* **YOUR ASSIGNMENT**
In the listing below, find the line that contains "of L0.start L0.end" and the line that contains "point P0 (0, 0)". Quote both and every line between them, exactly, and nothing more.

* **SUPPLIED MATERIAL**
* * * * * * * * *

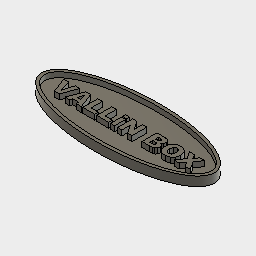
Logo Vallin Box (Autodesk Fusion 360 design; units mm, degrees)
Autodesk Fusion 360 part; units mm, degrees
note: some values were not read from the file. Chosen so that the rebuilt part matches the saved one: which bodies a step acts on.
sketch "Sketch1" plane through (0, 0, 0) normal (0, 1, 0) x (1, 0, 0)
  ellipse E0 centre (0, 0) end of major axis (66.5407, 0) minor radius 24.757
  line L0 (-66.5407, 0) -> (66.5407, 0)
  line L1 (0, -24.757) -> (0, 24.757)
  ellipse E1 centre (0, 0) end of major axis (64.1367, 0) minor radius 22.353
  line L2 (-53.7463, -7.3372) -> (55.0308, -7.3372) construction
  line L3 (55.0308, -7.3372) -> (55.0308, 8.7129) construction
  line L4 (55.0308, 8.7129) -> (-53.7463, 8.7129) construction
  line L5 (-53.7463, 8.7129) -> (-53.7463, -7.3372) construction
  text T0 "VALLiN BOX" font "Arial Black" height 16.0501 align ink ink in box 0 x 0 at (-53.7363, -7.3172) x (1, 0) y (0, 1) spacing 1 height is em
extrude "Extrude1" add sketch "Sketch1" sketch "Sketch1" along normal blind 4 contours E0 L0 L1 E1 | E0 L0 L1 E1 | E0 L0 L1 E1 | E0 L0 L1 E1 of sketch 2 text T0 makes body 1 at (-31.8816, 0, 1.8314) makes body 2 at (-15.7427, 0, 2.3486) makes body 3 at (-5.2516, 1.3333, -4.3677) makes body 4 at (19.0482, 0, 1.6929) makes body 5 at (-4.3388, 2.6667, 24.7044) makes body 6 at (52.4076, 0, 5.1464) makes body 7 at (-3.1252, 1.3333, 1.5728) makes body 8 at (31.1202, 0, 0.7032) makes body 9 at (-26.448, 0, 2.3486) makes body 10 at (-50.1888, 0, 2.218) makes body 11 at (9.0195, 0, 1.5806)
extrude "Extrude2" add sketch "Sketch1" against normal blind 4 separate body makes body 12
extrude "Extrude3" cut 1 faces at (-0.892, -4, 8.0909) along direction (0, 1, 0) blind 1 on bodies 12 bodies 12
combine "Combine1" operation add target body 1 tool bodies 11 3 9 6 5 7 4 12 2 8 10
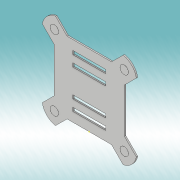
# Autodesk Inventor part: Superior_Base
Saved by Autodesk Inventor 2019 (Build 230136000, 136)
## iProperties
Created: 2019-01-30
Part Number: Superior_Base
Material: Generic
Document SubType Name: Modeling
Designer: USUARIO
Density: 1 g/cm^3
Appearance: Default
Title: Superior_Base
Author: USUARIO
Autodesk Inventor part; units mm, degrees
ref_plane "YZ Plane" through (0, 0, 0) normal (1, 0, 0) x (0, 1, 0)
ref_plane "XZ Plane" through (0, 0, 0) normal (0, 1, 0) x (-1, 0, 0)
ref_plane "XY Plane" through (0, 0, 0) normal (0, 0, 1) x (1, 0, 0)
sketch "Sketch1" plane through (0, 0, 0) normal (0, 0, 1) x (1, 0, 0)
  line L0 (0, 0) -> (-47.5, 0)
  line L1 (-47.5, 0) -> (-72.2487, -24.7487)
  line L2 (-100.4666, 3.6019) -> (-75, 29.0685)
  line L3 (-75, 29.0685) -> (-75, 76.5685)
  line L4 (0, -71.4752) -> (0, 224.6123) projected
  arc A0 (-100.4666, 3.6019) -> (-72.2487, -24.7487) centre (-66, 9.6889) ccw
  line L5 (-75, 76.5685) -> (0, 76.5685)
  line L6 (0, 153.1371) -> (-47.5, 153.1371)
  line L7 (-47.5, 153.1371) -> (-72.2487, 177.8858)
  line L8 (-100.4666, 149.5352) -> (-75, 124.0685)
  line L9 (-75, 124.0685) -> (-75, 76.5685)
  arc A1 (-72.2487, 177.8858) -> (-100.4666, 149.5352) centre (-66, 143.4481) ccw
  line L10 (0, 0) -> (47.5, 0)
  line L11 (47.5, 0) -> (72.2487, -24.7487)
  line L12 (100.4666, 3.6019) -> (75, 29.0685)
  line L13 (75, 29.0685) -> (75, 76.5685)
  arc A2 (72.2487, -24.7487) -> (100.4666, 3.6019) centre (66, 9.6889) ccw
  line L14 (75, 124.0685) -> (75, 76.5685)
  line L15 (100.4666, 149.5352) -> (75, 124.0685)
  arc A3 (100.4666, 149.5352) -> (72.2487, 177.8858) centre (66, 143.4481) ccw
  line L16 (47.5, 153.1371) -> (72.2487, 177.8858)
  line L17 (0, 153.1371) -> (47.5, 153.1371)
  line L18 (-100.4666, 3.6019) -> (-72.2487, -24.7487)
  line L19 (-75, 29.0685) -> (-47.5, 0)
  circle A4 centre (-74.6902, 1.0941) radius 9
  circle A5 centre (-74.6902, 152.043) radius 9
  circle A6 centre (74.6902, 1.0941) radius 9
  circle A7 centre (74.6902, 152.043) radius 9
  dimension "d0" = 135
  dimension "d1" = 47.5
  dimension "d2" = 35
  dimension "d3" = 40
  dimension "d4" = 75
  dimension "d5" = 35
  dimension "d6" = 66
  dimension "d11" = 20
  dimension "d12" = 38
  dimension "d13" = 18
  constraints: 38 end point, 20 symmetric about line, 8 centre point, 8 point on circle, 2 perpendicular, 1 horizontal, 1 midpoint, 1 parallel, 1 vertical, 6 other
  measures "d0" angle of L1 L0
  measures "d1" distance of L0.start L0.end
  measures "d2" distance of L0.end L1.end
  measures "d3" distance between parallel lines of L1 L2
  measures "d4" distance between parallel lines of L4 L3
  measures "d5" radius of A0
  measures "d6" distance from line of L4 A0.centre
  measures "d11" distance from line of L2 A4.centre
  measures "d12" diameter of A4.centre L19
  measures "d13" diameter of A4
extrude "Extrusion1" add sketch "Sketch1" along normal blind 1.5 and the other way blind 1.5 contours L0 L19 L3 L5 L4 | L4 L17 L16 A3 L15 L14 L13 L12 A2 L11 L10 | L1 L18 L2 L19 | L5 L9 L8 A1 L7 L6 L4 | A0 L18 | A4 | A5 | A6 | A7
extrude "Extrusion2" add sketch "Sketch1" along normal mid plane 3.2 contours A4 | A5 | A6 | A7
sketch "Sketch2" plane through (0, 0, 1.5) normal (0, 0, 1) x (1, 0, 0)
  point P0 (0, 0)
sketch "Sketch3" plane through (0, 0, 1.5) normal (0, 0, 1) x (1, 0, 0)
  line L0 (0, 20) -> (-35, 20)
  line L1 (-35, 20) -> (-35, 28)
  line L2 (-35, 28) -> (0, 28)
  line L3 (0, 43) -> (-35, 43)
  line L4 (-35, 43) -> (-35, 51)
  line L5 (-35, 51) -> (0, 51)
  line L6 (0, 0) -> (0, 150)
  line L7 (-75, 124.0685) -> (-75, 29.0685) projected
  line L8 (-75, 76.5685) -> (75, 76.5685)
  line L9 (75, 124.0685) -> (75, 29.0685) projected
  line L10 (0, 133.1371) -> (-35, 133.1371)
  line L11 (-35, 133.1371) -> (-35, 125.1371)
  line L12 (-35, 125.1371) -> (0, 125.1371)
  line L13 (0, 110.1371) -> (-35, 110.1371)
  line L14 (-35, 110.1371) -> (-35, 102.1371)
  line L15 (-35, 102.1371) -> (0, 102.1371)
  line L16 (0, 20) -> (35, 20)
  line L17 (35, 20) -> (35, 28)
  line L18 (35, 28) -> (0, 28)
  line L19 (0, 43) -> (35, 43)
  line L20 (35, 43) -> (35, 51)
  line L21 (35, 51) -> (0, 51)
  line L22 (35, 102.1371) -> (0, 102.1371)
  line L23 (0, 110.1371) -> (35, 110.1371)
  line L24 (35, 110.1371) -> (35, 102.1371)
  line L25 (35, 125.1371) -> (0, 125.1371)
  line L26 (35, 133.1371) -> (35, 125.1371)
  line L27 (0, 133.1371) -> (35, 133.1371)
  dimension "d21" = 35
  dimension "d22" = 8
  dimension "d23" = 150
  dimension "d24" = 15
  dimension "d25" = 20
  constraints: 52 end point, 16 symmetric about line, 4 equal length, 4 perpendicular, 2 horizontal, 2 midpoint, 2 point on line, 1 vertical
  measures "d21" distance of L4.end L5.end
  measures "d22" distance of L3.end L4.end
  measures "d23" distance of L6.start L6.end
  measures "d24" distance between parallel lines of L2 L3
  measures "d25" distance of point (0, 0) L0.start
extrude "Extrusion3" cut sketch "Sketch3" against normal blind 10
body "Solid1"

* * * * * * * * *

* **PROBLEM SOLUTION**
  measures "d1" distance of L0.start L0.end
  measures "d2" distance of L0.end L1.end
  measures "d3" distance between parallel lines of L1 L2
  measures "d4" distance between parallel lines of L4 L3
  measures "d5" radius of A0
  measures "d6" distance from line of L4 A0.centre
  measures "d11" distance from line of L2 A4.centre
  measures "d12" diameter of A4.centre L19
  measures "d13" diameter of A4
extrude "Extrusion1" add sketch "Sketch1" along normal blind 1.5 and the other way blind 1.5 contours L0 L19 L3 L5 L4 | L4 L17 L16 A3 L15 L14 L13 L12 A2 L11 L10 | L1 L18 L2 L19 | L5 L9 L8 A1 L7 L6 L4 | A0 L18 | A4 | A5 | A6 | A7
extrude "Extrusion2" add sketch "Sketch1" along normal mid plane 3.2 contours A4 | A5 | A6 | A7
sketch "Sketch2" plane through (0, 0, 1.5) normal (0, 0, 1) x (1, 0, 0)
  point P0 (0, 0)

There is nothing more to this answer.